Uh oh! Take a minute to debug what happened.

Reread the doc on `wqp.get_results` or else try to recreate this query at [waterqualitydata.us](https://www.waterqualitydata.us/#advanced=true).

Once you've found the mistake -- the date field was NWIS format -- rerun the query and continue on.

This one was easy, but with WQP it's much easier to create erroneous queries with multiple mistakes, which can be tricky to debug.

### WARNING 
WQP is a complex and changing service.

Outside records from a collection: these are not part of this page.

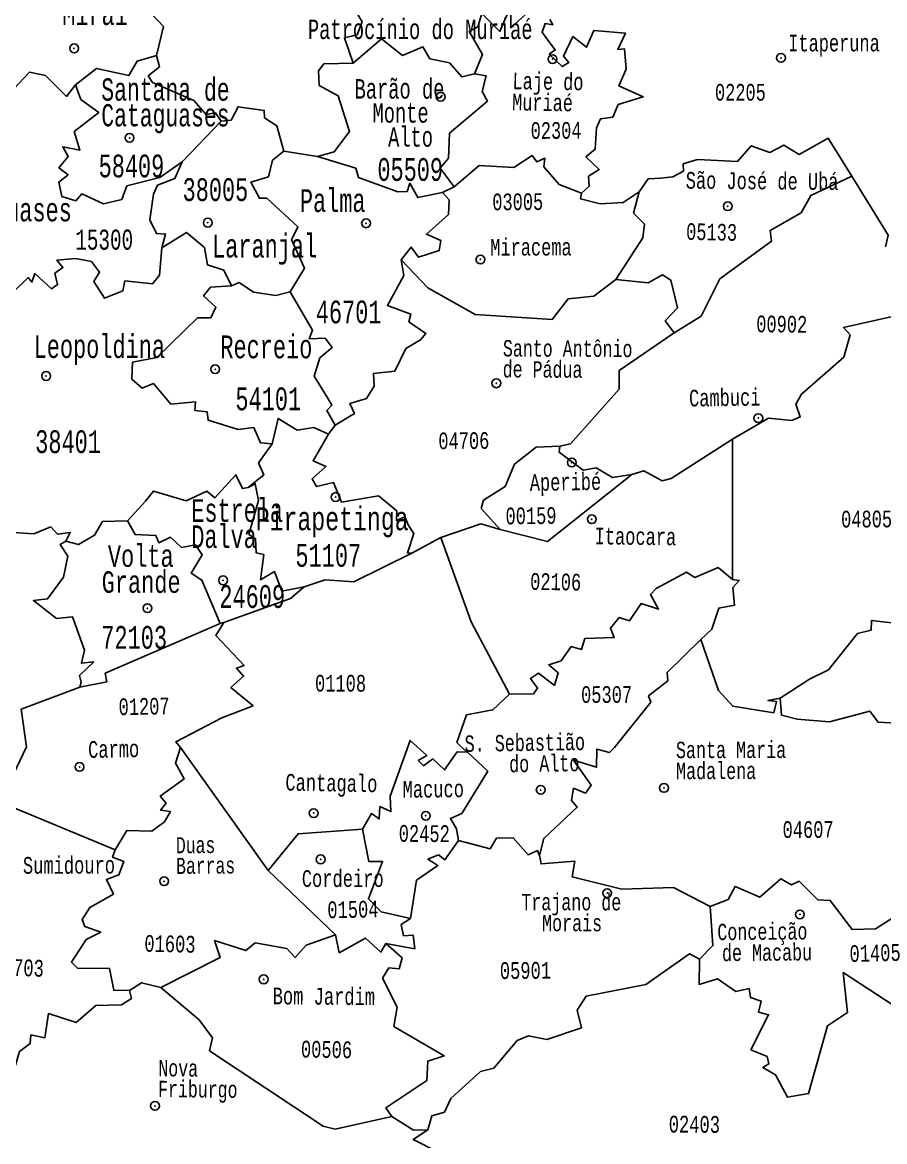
# Model space of a CAD drawing. Header units: millimetres. Extents: x 9851 to 10267, y 23387 to 23778.
# Drawn here: x 10164.08 to 10172.94, y 23501.61 to 23513.11 of the extents above; entities that cross this region are included whole.
import ezdxf
from ezdxf.enums import TextEntityAlignment as Align

# ---------------------------------------------------------------- set-up
doc = ezdxf.new("R2010")
doc.units = ezdxf.units.MM
doc.layers.add('3', color=7, linetype='Continuous')
doc.styles.add('MONOTXT', font='MONOTXT', dxfattribs={"height": 0.2})

# ---------------------------------------------------------------- blocks, each defined once
blk = doc.blocks.new('SEDE')
at = {"layer": '3', "color": 7, "linetype": 'Continuous'}
blk.add_circle((0, 0), 0.00451, dxfattribs=at)

msp = doc.modelspace()

# ---------------------------------------------------------------- linework, layer by layer
at = {"color": 7, "linetype": 'Continuous'}
for p, q in [((10166.122, 23512.091), (10165.722, 23511.674)), ((10166.765, 23511.785), (10167.111, 23511.73)), ((10168.396, 23511.361), (10168.515, 23511.417)), ((10167.225, 23508.876), (10167.293, 23508.968)), ((10171.375, 23508.825), (10171.377, 23507.382)), ((10168.378, 23507.816), (10168.082, 23507.655)), ((10166.15, 23506.942), (10166.112, 23506.929)), ((10164.066, 23506.051), (10164.67, 23506.275)), ((10165.702, 23505.655), (10166.604, 23504.394)), ((10165.031, 23504.606), (10163.838, 23505.099)), ((10167.296, 23503.73), (10166.604, 23504.394))]:
    msp.add_line(p, q, dxfattribs=at)
for points in [[(10165.28, 23514.353), (10165.31, 23514.268), (10165.186, 23514.059), (10165.45, 23514.048), (10165.733, 23513.882), (10165.574, 23513.724), (10165.636, 23513.579), (10165.558, 23513.508), (10165.437, 23513.514), (10165.376, 23513.418), (10165.239, 23513.438), (10165.22, 23513.371), (10165.126, 23513.394), (10165.143, 23513.326), (10165.217, 23513.247), (10165.342, 23513.259), (10165.529, 23513.065), (10165.457, 23512.767)], [(10167.477, 23512.689), (10167.387, 23512.948), (10167.519, 23512.981), (10167.569, 23513.112), (10167.526, 23513.188), (10167.616, 23513.225), (10167.658, 23513.463), (10167.759, 23513.565)], [(10168.726, 23512.58), (10168.806, 23512.778), (10168.671, 23513.015), (10168.758, 23513.061), (10168.799, 23513.197)], [(10169.067, 23513.207), (10168.986, 23513.015), (10168.799, 23513.197)], [(10169.25, 23513.189), (10169.098, 23513.051), (10169.097, 23513.186)], [(10169.824, 23511.351), (10169.902, 23511.425), (10169.895, 23511.526), (10170.006, 23511.596), (10169.87, 23511.725), (10169.965, 23511.803), (10169.978, 23512.025), (10170.018, 23512.115), (10170.147, 23512.134), (10170.202, 23512.265), (10170.458, 23512.342), (10170.209, 23512.457), (10170.283, 23512.625), (10170.267, 23512.834), (10170.196, 23512.828), (10170.276, 23512.996), (10169.952, 23513.025), (10169.877, 23512.851), (10169.736, 23512.962), (10169.638, 23512.76), (10169.694, 23512.696), (10169.627, 23512.654), (10169.492, 23512.78), (10169.555, 23512.824), (10169.468, 23512.94), (10169.419, 23513.007), (10169.452, 23513.097), (10169.53, 23513.083), (10169.499, 23513.137)], [(10167.477, 23512.689), (10167.768, 23512.937), (10167.984, 23512.768), (10168.192, 23512.857), (10168.267, 23512.732), (10168.467, 23512.691), (10168.594, 23512.547), (10168.726, 23512.58)], [(10163.225, 23512.755), (10163.468, 23512.676), (10163.547, 23512.576), (10163.739, 23512.591), (10163.791, 23512.522), (10163.847, 23512.58), (10163.989, 23512.425), (10164.151, 23512.597), (10164.317, 23512.563), (10164.53, 23512.346), (10164.624, 23512.464)], [(10165.457, 23512.767), (10165.257, 23512.708), (10165.173, 23512.56), (10164.84, 23512.635), (10164.624, 23512.464)], [(10166.122, 23512.091), (10166.064, 23512.177), (10165.967, 23512.162), (10165.84, 23512.304), (10165.417, 23512.49), (10165.372, 23512.557), (10165.489, 23512.65), (10165.457, 23512.767)], [(10167.111, 23511.73), (10167.283, 23511.777), (10167.439, 23511.987), (10167.322, 23512.353), (10167.127, 23512.46), (10167.121, 23512.61), (10167.175, 23512.68), (10167.477, 23512.689)], [(10168.515, 23511.417), (10168.373, 23511.61), (10168.457, 23511.713), (10168.467, 23511.969), (10168.859, 23512.298), (10168.802, 23512.396), (10168.843, 23512.559), (10168.726, 23512.58)], [(10164.624, 23512.464), (10164.679, 23512.315), (10164.863, 23512.18), (10164.61, 23511.986), (10164.669, 23511.796), (10164.493, 23511.829), (10164.55, 23511.728), (10164.454, 23511.613), (10164.548, 23511.542), (10164.452, 23511.467), (10164.484, 23511.318), (10164.629, 23511.273), (10164.69, 23511.347), (10164.912, 23511.243), (10165.1, 23511.287), (10165.152, 23511.429), (10165.491, 23511.515), (10165.722, 23511.674)], [(10166.765, 23511.785), (10166.694, 23512.045), (10166.567, 23512.126), (10166.564, 23512.202), (10166.295, 23512.241), (10166.224, 23512.103), (10166.122, 23512.091)], [(10170.416, 23511.366), (10170.509, 23511.499), (10170.638, 23511.507), (10170.763, 23511.519), (10170.874, 23511.58), (10170.87, 23511.653), (10171.015, 23511.699), (10171.428, 23511.679), (10171.568, 23511.839), (10171.76, 23511.771), (10171.902, 23511.846), (10172.061, 23511.75), (10172.359, 23511.918), (10172.603, 23511.528)], [(10166.831, 23510.339), (10166.977, 23510.583), (10166.844, 23510.873), (10166.91, 23511.008), (10166.592, 23511.301), (10166.515, 23511.301), (10166.427, 23511.467), (10166.607, 23511.521), (10166.649, 23511.69), (10166.765, 23511.785)], [(10168.396, 23511.361), (10168.142, 23511.307), (10168.06, 23511.454), (10168.032, 23511.371), (10167.936, 23511.365), (10167.532, 23511.512), (10167.504, 23511.609), (10167.111, 23511.73)], [(10168.515, 23511.417), (10168.773, 23511.637), (10169.129, 23511.615), (10169.317, 23511.739), (10169.364, 23511.674), (10169.449, 23511.712), (10169.438, 23511.622), (10169.594, 23511.442), (10169.824, 23511.351)], [(10165.722, 23511.674), (10165.645, 23511.504), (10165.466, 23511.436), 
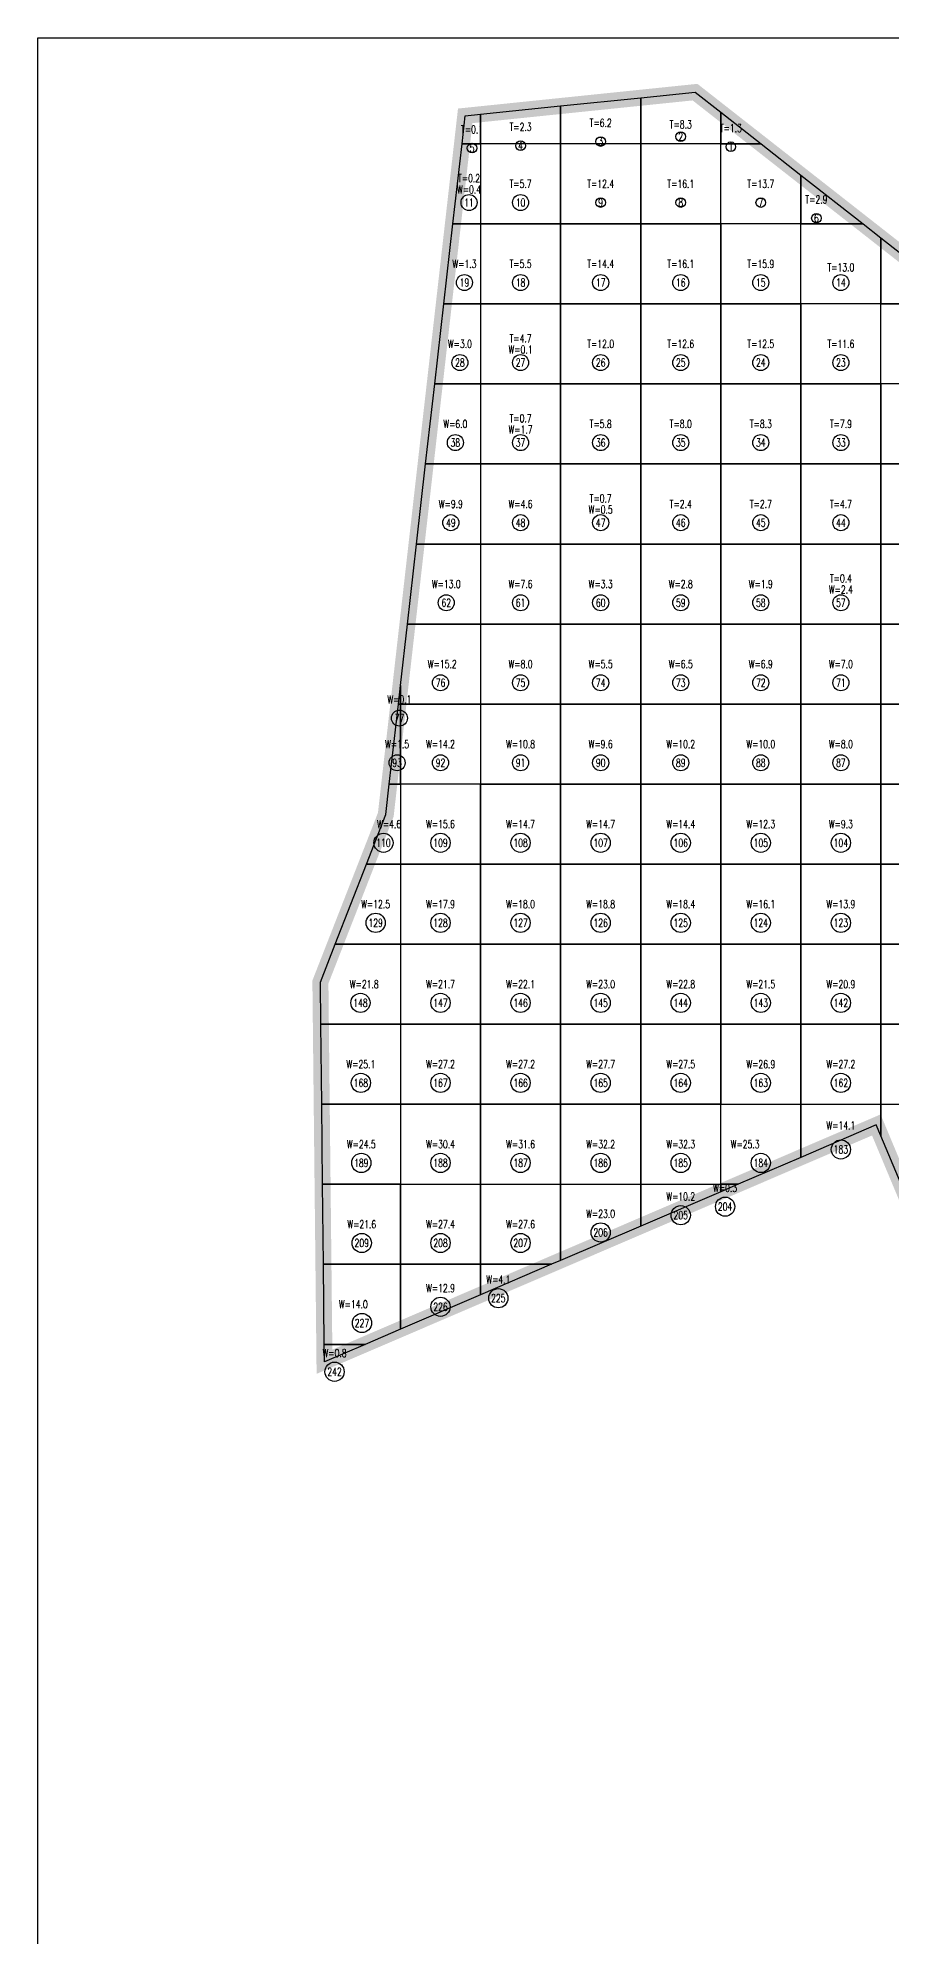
# Model space of a CAD drawing. Extents: x 4283 to 40403, y 1134 to 1764.
# Drawn here: x 12763.5 to 12807.8, y 1575.3 to 1674.1 of the extents above; entities that cross this region are included whole.
import ezdxf
from ezdxf.enums import TextEntityAlignment as Align

# ---------------------------------------------------------------- set-up
doc = ezdxf.new("R2010")
doc.units = 0
for name, color, linetype in [('tdz_14-1方格网', 2, 'Continuous'), ('tdz_14-1方格网计算', 7, 'Continuous'), ('tdz_土方计算图', 7, 'Continuous'), ('tdz_格田', 6, 'Continuous')]:
    doc.layers.add(name, color=color, linetype=linetype)
doc.styles.add('GLandNum', font='txt_____.ttf', dxfattribs={"width": 0.7, "height": 0.5})

msp = doc.modelspace()

# ---------------------------------------------------------------- linework, layer by layer
at = {"layer": 'tdz_14-1方格网', "linetype": 'Continuous'}
for points in [[(12798.989, 1670.222, 2839.18), (12798.989, 1668.579, 2839.167), (12794.822, 1668.579, 2839.32), (12794.822, 1670.98, 2839.17), (12797.649, 1671.272, 2839.167)], [(12786.489, 1670.121, 2839.927), (12786.489, 1668.579, 2840), (12785.527, 1668.579, 2840.099), (12785.692, 1670.038, 2840)], [(12790.656, 1670.551, 2839.548), (12790.656, 1668.579, 2839.678), (12786.489, 1668.579, 2840), (12786.489, 1670.121, 2839.927)], [(12794.822, 1670.98, 2839.17), (12794.822, 1668.579, 2839.32), (12790.656, 1668.579, 2839.678), (12790.656, 1670.551, 2839.548)], [(12801.085, 1668.579, 2839.201), (12798.989, 1668.579, 2839.167), (12798.989, 1670.222, 2839.18)], [(12785.527, 1668.579, 2840.099), (12786.489, 1668.579, 2840), (12786.489, 1664.413, 2840.194), (12785.053, 1664.413, 2840.383)], [(12786.489, 1668.579, 2840), (12786.489, 1664.413, 2840.194), (12790.656, 1664.413, 2839.758), (12790.656, 1668.579, 2839.678)], [(12790.656, 1668.579, 2839.678), (12790.656, 1664.413, 2839.758), (12794.822, 1664.413, 2839.425), (12794.822, 1668.579, 2839.32)], [(12794.822, 1668.579, 2839.32), (12794.822, 1664.413, 2839.425), (12798.989, 1664.413, 2839.21), (12798.989, 1668.579, 2839.167)], [(12803.156, 1666.956, 2839.222), (12803.156, 1664.413, 2839.167), (12798.989, 1664.413, 2839.21), (12798.989, 1668.579, 2839.167), (12801.085, 1668.579, 2839.201)], [(12806.401, 1664.413, 2839.254), (12803.156, 1664.413, 2839.167), (12803.156, 1666.956, 2839.222)], [(12785.053, 1664.413, 2840.383), (12786.489, 1664.413, 2840.194), (12786.489, 1660.246, 2840.436), (12784.58, 1660.246, 2840.666)], [(12786.489, 1664.413, 2840.194), (12786.489, 1660.246, 2840.436), (12790.656, 1660.246, 2839.754), (12790.656, 1664.413, 2839.758)], [(12790.656, 1664.413, 2839.758), (12790.656, 1660.246, 2839.754), (12794.822, 1660.246, 2839.641), (12794.822, 1664.413, 2839.425)], [(12794.822, 1664.413, 2839.425), (12794.822, 1660.246, 2839.641), (12798.989, 1660.246, 2839.512), (12798.989, 1664.413, 2839.21)], [(12798.989, 1664.413, 2839.21), (12798.989, 1660.246, 2839.512), (12803.156, 1660.246, 2839.376), (12803.156, 1664.413, 2839.167)], [(12807.322, 1663.69, 2839.263), (12807.322, 1660.246, 2839.265), (12803.156, 1660.246, 2839.376), (12803.156, 1664.413, 2839.167), (12806.401, 1664.413, 2839.254)], [(12811.489, 1660.424, 2839.305), (12811.489, 1660.246, 2839.301), (12807.322, 1660.246, 2839.265), (12807.322, 1663.69, 2839.263)], [(12784.58, 1660.246, 2840.666), (12786.489, 1660.246, 2840.436), (12786.489, 1656.079, 2840.677), (12784.106, 1656.079, 2840.95)], [(12786.489, 1660.246, 2840.436), (12786.489, 1656.079, 2840.677), (12790.656, 1656.079, 2840.21), (12790.656, 1660.246, 2839.754)], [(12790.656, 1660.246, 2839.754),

Some of this pain should get better with time,
but in the meantime, it's still a great resouce; 
just anticipate that your codes may break periodically.
For this reason, `dataretrieval.wqp` offers fewer conveniences and instead gives a shallow wrapper around the webservice API.

Back to your query:

In [None]:
print(f"Your query returned {df.shape[0]} samples!")

In [None]:
df["ResultMeasure/MeasureUnitCode"].unique()

In [None]:
df["ResultSampleFractionText"].unique()

Running a through a few iterations of different characteristics and databases,
some of the inconsistencies will quickly become apparanent. 
Each database might use a different nameing, unit, date-time convention, etc.
Use the wrong filter for your data, and your query might accidently return no data or, worse, the wrong data.
Be sure to watch out for this in your applications!